(Extracted data entries)
-.-.-

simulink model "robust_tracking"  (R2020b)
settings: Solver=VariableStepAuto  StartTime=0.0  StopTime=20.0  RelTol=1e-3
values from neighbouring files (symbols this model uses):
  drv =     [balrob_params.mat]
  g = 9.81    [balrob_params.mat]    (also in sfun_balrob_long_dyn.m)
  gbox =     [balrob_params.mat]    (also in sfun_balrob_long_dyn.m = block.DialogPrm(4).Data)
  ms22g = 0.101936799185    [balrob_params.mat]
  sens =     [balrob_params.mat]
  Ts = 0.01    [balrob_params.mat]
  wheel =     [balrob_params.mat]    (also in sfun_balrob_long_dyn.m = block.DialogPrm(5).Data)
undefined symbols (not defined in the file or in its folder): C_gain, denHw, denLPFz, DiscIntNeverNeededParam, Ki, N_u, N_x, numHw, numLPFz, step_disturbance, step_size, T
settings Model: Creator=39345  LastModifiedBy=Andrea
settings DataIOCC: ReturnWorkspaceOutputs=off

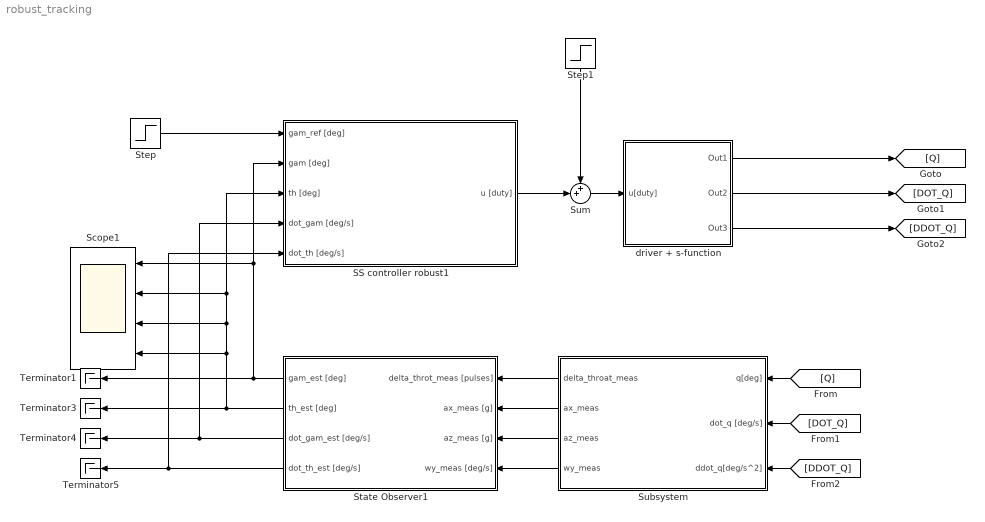
== system robust_tracking ==
  SS controller robust1 : Subsystem
  Scope1 : Scope  NumInputPorts=4
  State Observer1 : Subsystem
  Step : Step  After=step_size  SampleTime=0.01
  Step1 : Step  Time=11  After=step_disturbance  SampleTime=0.01
  Subsystem : Subsystem
  Sum : Sum  Inputs=++|
  Terminator{1,3..5} (4 alike) : Terminator
  driver + s-function : Subsystem
  wires:
  SS controller robust1/1(u [duty]) -> Sum/2
  Sum/1 -> driver + s-function/1(u[duty])
  Step/1 -> SS controller robust1/1(gam_ref [deg])
  Step1/1 -> Sum/1
  [DOT_Q] -> Subsystem/2(dot_q [deg/s])
  Subsystem/4(wy_meas) -> State Observer1/4(wy_meas [deg/s])
  [DDOT_Q] -> Subsystem/3(ddot_q[deg/s^2])
  Subsystem/3(az_meas) -> State Observer1/3("az_meas [g] ")
  [Q] -> Subsystem/1(q[deg])
  Subsystem/1(delta_throat_meas) -> State Observer1/1("delta_throt_meas [pulses] ")
  Subsystem/2(ax_meas) -> State Observer1/2("ax_meas [g] ")
  driver + s-function/2(Out2) -> [DOT_Q]
  driver + s-function/1(Out1) -> [Q]
  driver + s-function/3(Out3) -> [DDOT_Q]
  State Observer1/3(dot_gam_est [deg/s]) -> SS controller robust1/4(dot_gam [deg/s]), Terminator4/1
  State Observer1/4(dot_th_est [deg/s]) -> SS controller robust1/5(dot_th [deg/s]), Terminator5/1
  State Observer1/2(th_est [deg]) -> Scope1/2, SS controller robust1/3(th [deg]), Scope1/3, Scope1/4, Terminator3/1
  State Observer1/1(gam_est [deg]) -> Scope1/1, SS controller robust1/2(gam [deg]), Terminator1/1

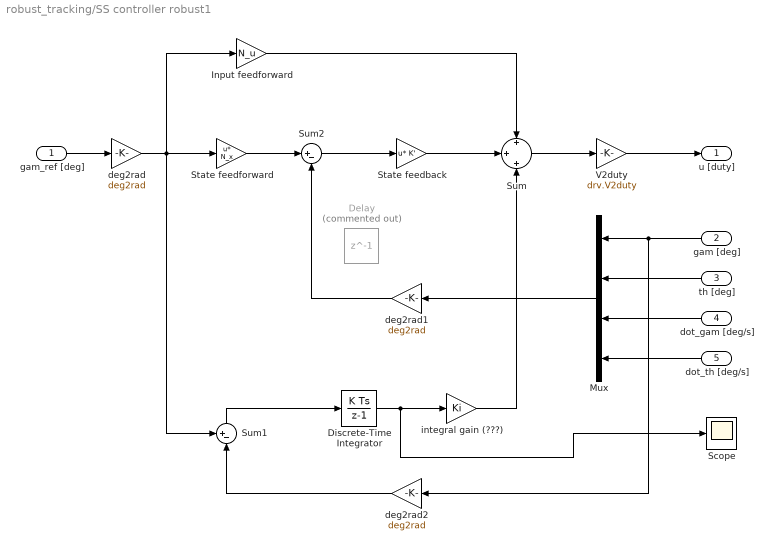
== system robust_tracking/SS controller robust1 ==
  gam_ref [deg] : Inport
  gam [deg] : Inport  Port=2
  th [deg] : Inport  Port=3
  dot_gam [deg/s] : Inport  Port=4
  dot_th [deg/s] : Inport  Port=5
  Delay : Delay  Commented=on  DelayLength=1  InitialCondition=0
  Discrete-Time Integrator : DiscreteIntegrator  SampleTime=0.01  ICPrevOutput=DiscIntNeverNeededParam  ICPrevScaledInput=DiscIntNeverNeededParam
  Input feedforward : Gain  Gain=N_u
  Mux : Mux
  Scope : Scope
  State feedback : Gain  Gain=K'  Multiplication=Matrix(u*K)
  "State feedforward\t" : Gain  Gain=N_x  Multiplication=Matrix(u*K)
  Sum : Sum  Inputs=+|+|+
  Sum1 : Sum  Inputs=+-|
  Sum2 : Sum  Inputs=|+-
  V2duty : Gain  Gain=drv.V2duty
  deg2rad : Gain  Gain=deg2rad
  deg2rad1 : Gain  Gain=deg2rad
  deg2rad2 : Gain  Gain=deg2rad
  integral gain (???) : Gain  Gain=Ki
  u [duty] : Outport
  wires:
  gam_ref [deg]/1 -> deg2rad/1
  deg2rad/1 -> Sum1/1, "State feedforward\t"/1, Input feedforward/1
  State feedback/1 -> Sum/2
  "State feedforward\t"/1 -> Sum2/1
  Sum2/1 -> State feedback/1
  Input feedforward/1 -> Sum/1
  Sum/1 -> V2duty/1
  V2duty/1 -> u [duty]/1
  gam [deg]/1 -> deg2rad2/1, Mux/1
  Mux/1 -> deg2rad1/1
  dot_gam [deg/s]/1 -> Mux/3
  th [deg]/1 -> Mux/2
  dot_th [deg/s]/1 -> Mux/4
  deg2rad1/1 -> Sum2/2
  deg2rad2/1 -> Sum1/2
  Sum1/1 -> Discrete-Time Integrator/1
  Discrete-Time Integrator/1 -> Scope/1, integral gain (???)/1
  integral gain (???)/1 -> Sum/3

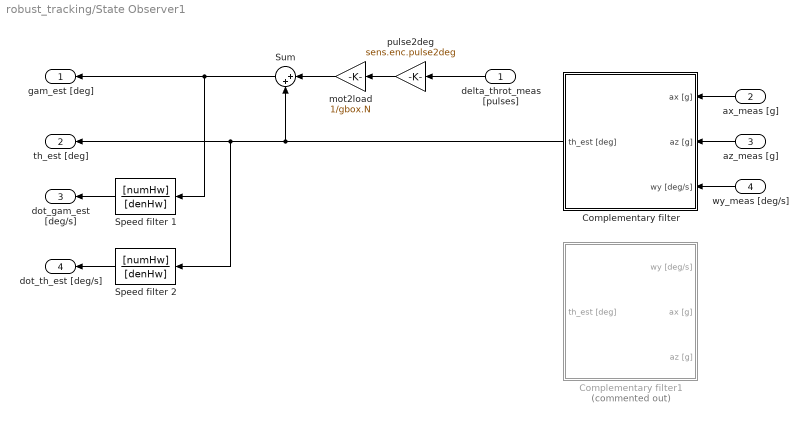
== system robust_tracking/State Observer1 ==
  "delta_throt_meas [pulses] " : Inport
  "ax_meas [g] " : Inport  Port=2
  "az_meas [g] " : Inport  Port=3
  wy_meas [deg/s] : Inport  Port=4
  Complementary filter : Subsystem
  Complementary filter1 : Subsystem  Commented=on
  Speed filter 1 : DiscreteTransferFcn  Numerator=[numHw]  Denominator=[denHw]  SampleTime=Ts
  Speed filter 2 : DiscreteTransferFcn  Numerator=[numHw]  Denominator=[denHw]  SampleTime=Ts
  Sum : Sum  Inputs=|++
  mot2load : Gain  Gain=1/gbox.N
  pulse2deg : Gain  Gain=sens.enc.pulse2deg
  gam_est [deg] : Outport
  th_est [deg] : Outport  Port=2
  dot_gam_est [deg/s] : Outport  Port=3
  dot_th_est [deg/s] : Outport  Port=4
  wires:
  pulse2deg/1 -> mot2load/1
  "delta_throt_meas [pulses] "/1 -> pulse2deg/1
  mot2load/1 -> Sum/1
  Complementary filter/1("th_est [deg] ") -> Sum/2, Speed filter 2/1, th_est [deg]/1
  Sum/1 -> Speed filter 1/1, gam_est [deg]/1
  Speed filter 1/1 -> dot_gam_est [deg/s]/1
  Speed filter 2/1 -> dot_th_est [deg/s]/1
  "ax_meas [g] "/1 -> Complementary filter/1("ax [g] ")
  "az_meas [g] "/1 -> Complementary filter/2("az [g] ")
  wy_meas [deg/s]/1 -> Complementary filter/3(wy [deg/s])

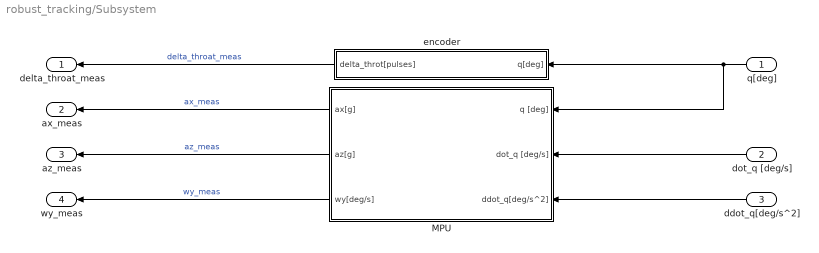
== system robust_tracking/Subsystem ==
  q[deg] : Inport
  dot_q [deg/s] : Inport  Port=2
  ddot_q[deg/s^2] : Inport  Port=3
  MPU : Subsystem
  encoder : Subsystem
  delta_throat_meas : Outport
  ax_meas : Outport  Port=2
  az_meas : Outport  Port=3
  wy_meas : Outport  Port=4
  wires:
  ddot_q[deg/s^2]/1 -> MPU/3(ddot_q[deg/s^2])
  q[deg]/1 -> MPU/1(q [deg]), encoder/1(q[deg])
  MPU/2(az[g]) -> az_meas/1  "az_meas"
  dot_q [deg/s]/1 -> MPU/2(dot_q [deg/s])
  encoder/1(delta_throt[pulses]) -> delta_throat_meas/1  "delta_throat_meas"
  MPU/1(ax[g]) -> ax_meas/1  "ax_meas"
  MPU/3(wy[deg/s]) -> wy_meas/1  "wy_meas"

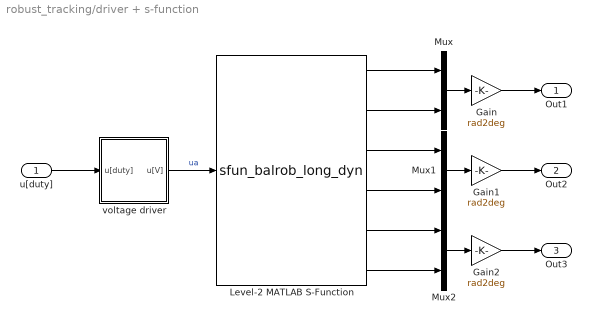
== system robust_tracking/driver + s-function ==
  u[duty] : Inport
  Gain : Gain  Gain=rad2deg
  Gain1 : Gain  Gain=rad2deg
  Gain2 : Gain  Gain=rad2deg
  "Level-2 MATLAB S-Function  " : M-S-Function  FunctionName=sfun_balrob_long_dyn  Parameters=x0, body, mot, gbox, wheel
  Mux : Mux  Inputs=2
  Mux1 : Mux  Inputs=2
  Mux2 : Mux  Inputs=2
  voltage driver : Subsystem
  Out1 : Outport
  Out2 : Outport  Port=2
  Out3 : Outport  Port=3
  wires:
  Mux/1 -> Gain/1
  "Level-2 MATLAB S-Function  "/3 -> Mux1/1
  "Level-2 MATLAB S-Function  "/2 -> Mux/2
  voltage driver/1(u[V]) -> "Level-2 MATLAB S-Function  "/1  "ua"
  Mux1/1 -> Gain1/1
  "Level-2 MATLAB S-Function  "/4 -> Mux1/2
  "Level-2 MATLAB S-Function  "/5 -> Mux2/1
  "Level-2 MATLAB S-Function  "/6 -> Mux2/2
  Gain2/1 -> Out3/1
  "Level-2 MATLAB S-Function  "/1 -> Mux/1
  Mux2/1 -> Gain2/1
  Gain1/1 -> Out2/1
  Gain/1 -> Out1/1
  u[duty]/1 -> voltage driver/1(u[duty])

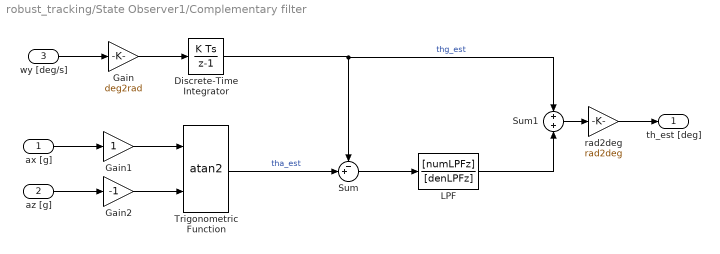
== system robust_tracking/State Observer1/Complementary filter ==
  "ax [g] " : Inport
  "az [g] " : Inport  Port=2
  wy [deg/s] : Inport  Port=3
  Discrete-Time Integrator : DiscreteIntegrator  gainval=1  SampleTime=Ts  ICPrevOutput=DiscIntNeverNeededParam  ICPrevScaledInput=DiscIntNeverNeededParam
  Gain : Gain  Gain=deg2rad
  Gain1 : Gain
  Gain2 : Gain  Gain=-1
  LPF : DiscreteTransferFcn  Numerator=[numLPFz]  Denominator=[denLPFz]  SampleTime=Ts
  Sum : Sum  Inputs=-+|
  Sum1 : Sum
  Trigonometric Function : Trigonometry  Operator=atan2
  rad2deg : Gain  Gain=rad2deg
  "th_est [deg] " : Outport
  wires:
  "az [g] "/1 -> Gain2/1
  "ax [g] "/1 -> Gain1/1
  wy [deg/s]/1 -> Gain/1
  Gain/1 -> Discrete-Time Integrator/1
  Gain2/1 -> Trigonometric Function/2
  Gain1/1 -> Trigonometric Function/1
  Trigonometric Function/1 -> Sum/2  "tha_est"
  Discrete-Time Integrator/1 -> Sum1/1, Sum/1  "thg_est"
  rad2deg/1 -> "th_est [deg] "/1
  Sum1/1 -> rad2deg/1
  Sum/1 -> LPF/1
  LPF/1 -> Sum1/2

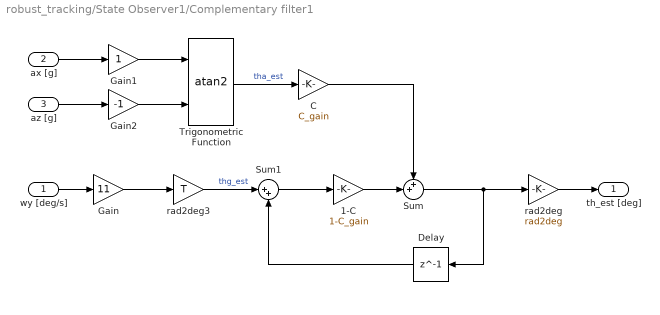
== system robust_tracking/State Observer1/Complementary filter1 ==
  wy [deg/s] : Inport
  "ax [g] " : Inport  Port=2
  "az [g] " : Inport  Port=3
  1-C : Gain  Gain=1-C_gain
  C : Gain  Gain=C_gain
  Delay : Delay  DelayLength=1
  Gain : Gain  Gain=11
  Gain1 : Gain
  Gain2 : Gain  Gain=-1
  Sum : Sum  Inputs=++|
  Sum1 : Sum  Inputs=|++
  Trigonometric Function : Trigonometry  Operator=atan2
  rad2deg : Gain  Gain=rad2deg
  rad2deg3 : Gain  Gain=T
  "th_est [deg] " : Outport
  wires:
  "az [g] "/1 -> Gain2/1
  "ax [g] "/1 -> Gain1/1
  wy [deg/s]/1 -> Gain/1
  Gain/1 -> rad2deg3/1
  Gain2/1 -> Trigonometric Function/2
  Gain1/1 -> Trigonometric Function/1
  rad2deg/1 -> "th_est [deg] "/1
  Trigonometric Function/1 -> C/1  "tha_est"
  C/1 -> Sum/1
  1-C/1 -> Sum/2
  Sum/1 -> Delay/1, rad2deg/1
  Delay/1 -> Sum1/2
  rad2deg3/1 -> Sum1/1  "thg_est"
  Sum1/1 -> 1-C/1

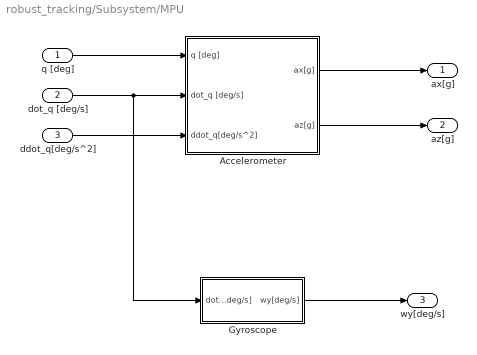
== system robust_tracking/Subsystem/MPU ==
  q [deg] : Inport
  dot_q [deg/s] : Inport  Port=2
  ddot_q[deg/s^2] : Inport  Port=3
  Accelerometer : Subsystem
  Gyroscope : Subsystem
  ax[g] : Outport
  az[g] : Outport  Port=2
  wy[deg/s] : Outport  Port=3
  wires:
  q [deg]/1 -> Accelerometer/1(q [deg])
  dot_q [deg/s]/1 -> Gyroscope/1(dot_q [deg/s]), Accelerometer/2(dot_q [deg/s])
  ddot_q[deg/s^2]/1 -> Accelerometer/3(ddot_q[deg/s^2])
  Gyroscope/1(wy[deg/s]) -> wy[deg/s]/1
  Accelerometer/1(ax[g]) -> ax[g]/1
  Accelerometer/2(az[g]) -> az[g]/1

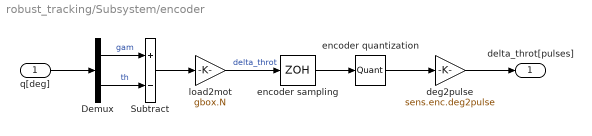
== system robust_tracking/Subsystem/encoder ==
  q[deg] : Inport
  Demux : Demux  Outputs=2
  Subtract : Sum  Inputs=+-
  deg2pulse : Gain  Gain=sens.enc.deg2pulse
  encoder quantization : Quantizer  QuantizationInterval=sens.enc.pulse2deg
  encoder sampling : ZeroOrderHold  SampleTime=Ts
  load2mot : Gain  Gain=gbox.N
  delta_throt[pulses] : Outport
  wires:
  q[deg]/1 -> Demux/1
  Demux/1 -> Subtract/1  "gam"
  Demux/2 -> Subtract/2  "th"
  Subtract/1 -> load2mot/1
  load2mot/1 -> encoder sampling/1  "delta_throt"
  encoder sampling/1 -> encoder quantization/1
  encoder quantization/1 -> deg2pulse/1
  deg2pulse/1 -> delta_throt[pulses]/1

== system robust_tracking/driver + s-function/voltage driver ==
  u[duty] : Inport
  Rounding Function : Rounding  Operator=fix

-.-.-

WHAT IS BEING ASKED =
Only a number is wanted here: the count of lines above that hold the word "Speed".

ANSWER AREA =
6